Alengrin (11609) reviewed Schol23 from Stroom Brouwers 2 years ago
Appearance - 7 | Aroma - 7 | Flavor - 7 | Texture - 7 | Overall - 7.5
The second rendition of 'Schol', a beer brewed with fresh green hop cones from hops grown in the neighbouring Macharius quarter in Ghent, this time also containing wheat produced by IJzerkotmolen, an actual old windmill commercially exploited in Zwalm, south of Ghent. It illustrates how much Stroom supports short chain economy and local ingredients. Only released two weeks ago, I stumbled on this can while browsing the local beers sold in the shop in the cellar of the Lakenhalle, adjacent to the Ghent belfry, a lovely place in the historic heart of the old city of which I am a proud inhabitant myself. Audibly fizzing, egg-white, very moussy, regular, lightly lacing, slowly thinning and dissipating head over a misty pale ochre-ish-tinged yellow blonde beer with some minute, disparate bubbles distributed evenly.

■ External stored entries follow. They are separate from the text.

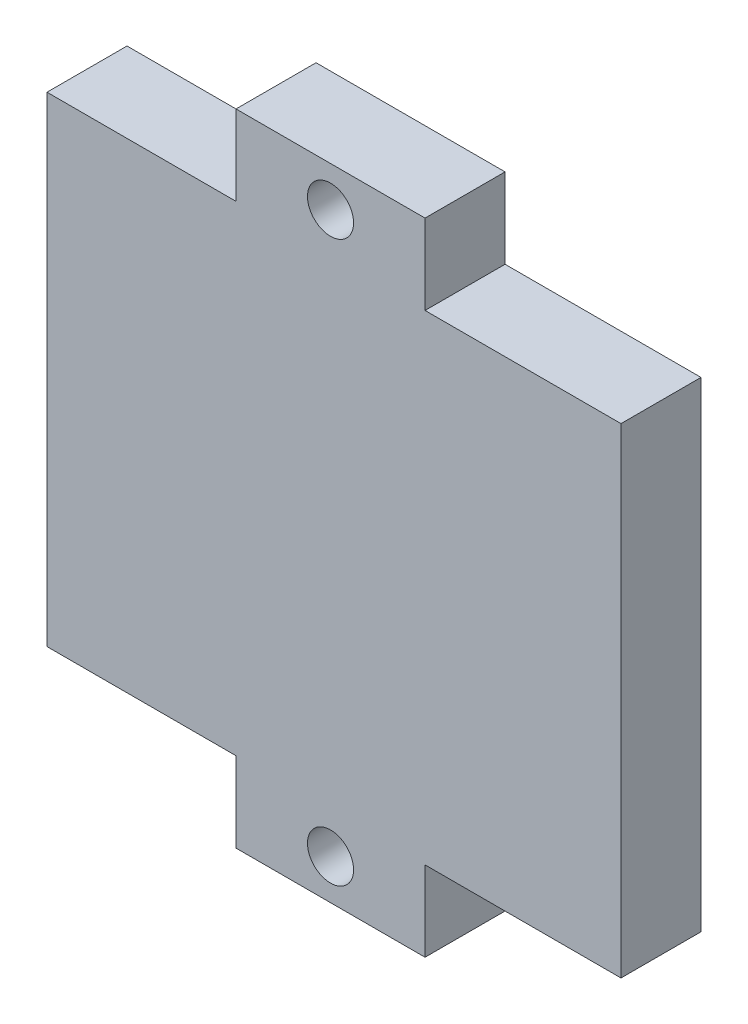
ISO-10303-21;
HEADER;
FILE_DESCRIPTION(('STEP AP214'),'2;1');
FILE_NAME('part.step','',(''),(''),'','','');
FILE_SCHEMA(('AUTOMOTIVE_DESIGN { 1 0 10303 214 1 1 1 1 }'));
ENDSEC;
DATA;
#1=APPLICATION_CONTEXT('core data for automotive mechanical design processes');
#2=APPLICATION_PROTOCOL_DEFINITION('international standard','automotive_design',2000,#1);
#3=PRODUCT_CONTEXT('',#1,'mechanical');
#4=PRODUCT('Part','Part','',(#3));
#5=PRODUCT_RELATED_PRODUCT_CATEGORY('part','',(#4));
#6=PRODUCT_DEFINITION_FORMATION('','',#4);
#7=PRODUCT_DEFINITION_CONTEXT('part definition',#1,'design');
#8=PRODUCT_DEFINITION('design','',#6,#7);
#9=PRODUCT_DEFINITION_SHAPE('','',#8);
#10=(LENGTH_UNIT() NAMED_UNIT(*) SI_UNIT(.MILLI.,.METRE.));
#11=(NAMED_UNIT(*) PLANE_ANGLE_UNIT() SI_UNIT($,.RADIAN.));
#12=(NAMED_UNIT(*) SI_UNIT($,.STERADIAN.) SOLID_ANGLE_UNIT());
#13=UNCERTAINTY_MEASURE_WITH_UNIT(LENGTH_MEASURE(1.E-05),#10,'distance_accuracy_value','');
#14=(GEOMETRIC_REPRESENTATION_CONTEXT(3) GLOBAL_UNCERTAINTY_ASSIGNED_CONTEXT((#13)) GLOBAL_UNIT_ASSIGNED_CONTEXT((#10,
#11,#12)) REPRESENTATION_CONTEXT('',''));
#15=CARTESIAN_POINT('',(0.,0.,0.));
#16=DIRECTION('',(0.,0.,1.));
#17=DIRECTION('',(1.,0.,0.));
#18=AXIS2_PLACEMENT_3D('',#15,#16,#17);
#19=CARTESIAN_POINT('',(0.,0.,6.35));
#20=DIRECTION('',(0.,0.,-1.));
#21=DIRECTION('',(-1.,0.,0.));
#22=AXIS2_PLACEMENT_3D('',#19,#20,#21);
#23=PLANE('',#22);
#24=CARTESIAN_POINT('',(-0.274999999999977,22.225,6.35));
#25=DIRECTION('',(0.,0.,1.));
#26=DIRECTION('',(1.,0.,0.));
#27=AXIS2_PLACEMENT_3D('',#24,#25,#26);
#28=CIRCLE('',#27,1.82879999999999);
#29=CARTESIAN_POINT('',(1.55380000000001,22.225,6.35));
#30=VERTEX_POINT('',#29);
#31=EDGE_CURVE('E254',#30,#30,#28,.T.);
#32=ORIENTED_EDGE('',*,*,#31,.F.);
#33=EDGE_LOOP('',(#32));
#34=FACE_BOUND('',#33,.T.);
#35=CARTESIAN_POINT('',(-0.274999999999977,-22.225,6.35));
#36=DIRECTION('',(0.,0.,1.));
#37=DIRECTION('',(1.,0.,0.));
#38=AXIS2_PLACEMENT_3D('',#35,#36,#37);
#39=CIRCLE('',#38,1.82879999999999);
#40=CARTESIAN_POINT('',(1.55380000000001,-22.225,6.35));
#41=VERTEX_POINT('',#40);
#42=EDGE_CURVE('E219',#41,#41,#39,.T.);
#43=ORIENTED_EDGE('',*,*,#42,.F.);
#44=EDGE_LOOP('',(#43));
#45=FACE_BOUND('',#44,.T.);
#46=DIRECTION('',(-1.,0.,0.));
#47=VECTOR('',#46,1.);
#48=CARTESIAN_POINT('',(22.775,19.05,6.35));
#49=LINE('',#48,#47);
#50=CARTESIAN_POINT('',(22.775,19.05,6.35));
#51=VERTEX_POINT('',#50);
#52=CARTESIAN_POINT('',(7.22500000000002,19.05,6.35));
#53=VERTEX_POINT('',#52);
#54=EDGE_CURVE('E55',#51,#53,#49,.T.);
#55=ORIENTED_EDGE('',*,*,#54,.T.);
#56=DIRECTION('',(0.,1.,0.));
#57=VECTOR('',#56,1.);
#58=CARTESIAN_POINT('',(7.22500000000002,25.4,6.35));
#59=LINE('',#58,#57);
#60=CARTESIAN_POINT('',(7.22500000000002,25.4,6.35));
#61=VERTEX_POINT('',#60);
#62=EDGE_CURVE('E245',#53,#61,#59,.T.);
#63=ORIENTED_EDGE('',*,*,#62,.T.);
#64=DIRECTION('',(-1.,0.,0.));
#65=VECTOR('',#64,1.);
#66=CARTESIAN_POINT('',(-22.775,25.4,6.35));
#67=LINE('',#66,#65);
#68=CARTESIAN_POINT('',(-7.77499999999998,25.4,6.35));
#69=VERTEX_POINT('',#68);
#70=EDGE_CURVE('E155',#61,#69,#67,.T.);
#71=ORIENTED_EDGE('',*,*,#70,.T.);
#72=DIRECTION('',(0.,-1.,0.));
#73=VECTOR('',#72,1.);
#74=CARTESIAN_POINT('',(-7.77499999999998,25.4,6.35));
#75=LINE('',#74,#73);
#76=CARTESIAN_POINT('',(-7.77499999999998,19.05,6.35));
#77=VERTEX_POINT('',#76);
#78=EDGE_CURVE('E228',#69,#77,#75,.T.);
#79=ORIENTED_EDGE('',*,*,#78,.T.);
#80=DIRECTION('',(-1.,0.,0.));
#81=VECTOR('',#80,1.);
#82=CARTESIAN_POINT('',(-22.775,19.05,6.35));
#83=LINE('',#82,#81);
#84=CARTESIAN_POINT('',(-22.775,19.05,6.35));
#85=VERTEX_POINT('',#84);
#86=EDGE_CURVE('E233',#77,#85,#83,.T.);
#87=ORIENTED_EDGE('',*,*,#86,.T.);
#88=DIRECTION('',(0.,-1.,0.));
#89=VECTOR('',#88,1.);
#90=CARTESIAN_POINT('',(-22.775,-25.4,6.35));
#91=LINE('',#90,#89);
#92=CARTESIAN_POINT('',(-22.775,-19.05,6.35));
#93=VERTEX_POINT('',#92);
#94=EDGE_CURVE('E47',#85,#93,#91,.T.);
#95=ORIENTED_EDGE('',*,*,#94,.T.);
#96=DIRECTION('',(-1.,0.,0.));
#97=VECTOR('',#96,1.);
#98=CARTESIAN_POINT('',(-22.775,-19.05,6.35));
#99=LINE('',#98,#97);
#100=CARTESIAN_POINT('',(-7.77499999999998,-19.05,6.35));
#101=VERTEX_POINT('',#100);
#102=EDGE_CURVE('E187',#101,#93,#99,.T.);
#103=ORIENTED_EDGE('',*,*,#102,.F.);
#104=DIRECTION('',(0.,1.,0.));
#105=VECTOR('',#104,1.);
#106=CARTESIAN_POINT('',(-7.77499999999998,-25.4,6.35));
#107=LINE('',#106,#105);
#108=CARTESIAN_POINT('',(-7.77499999999998,-25.4,6.35));
#109=VERTEX_POINT('',#108);
#110=EDGE_CURVE('E191',#109,#101,#107,.T.);
#111=ORIENTED_EDGE('',*,*,#110,.F.);
#112=DIRECTION('',(1.,0.,0.));
#113=VECTOR('',#112,1.);
#114=CARTESIAN_POINT('',(-22.775,-25.4,6.35));
#115=LINE('',#114,#113);
#116=CARTESIAN_POINT('',(7.22500000000002,-25.4,6.35));
#117=VERTEX_POINT('',#116);
#118=EDGE_CURVE('E11',#109,#117,#115,.T.);
#119=ORIENTED_EDGE('',*,*,#118,.T.);
#120=DIRECTION('',(0.,-1.,0.));
#121=VECTOR('',#120,1.);
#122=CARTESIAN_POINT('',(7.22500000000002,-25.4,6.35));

Aroma of freshly baked cookies, roux right before the milk is added to create béchamel, breakfast cereals, dry biscuits, sweetclover, diacetyl (buttermilk), vague clay, hints of honey, chamomile, vanilla somewhere and meadowsweet (subtle floral touches from the aforementioned hops). Sweetish, bit juicy onset, fruity aspects of apple slices, unripe apricot, pear and a very faint background touch of pineapple (ester), soft in carbonation, minerally hints through a slick, bit thinnish, bit doughy and cereally, cookie-ish maltiness with residual honeyish sweetishness on top (very thinly so) and an undertone of diacetyl (buttermilk, including its sourishness), the latter doubtlessly due to the fact that I am having this very young. The hops too remain subtle and light, with delicate floral notes and only basic bitterishness; I understand that these are apparently wild (botanical) hops instead of a specific variety, which explains the low rate of alpha acids and therefore lack of bitterness, which could have given this beer more character. The diacetyl, now still very obvious, will probably fade after a while so maybe I will have to drink this again later, but the hops will of course not increase in bitterness (on the contrary) so I wonder what will be left of this very delicate, thin, tenuous beer by then; in this form, too young clearly, but very easily drinkable and unassuming, truly an easygoing neighbourhood beer with little to no ambitions outside of its own Heirnis and Macharius quarters.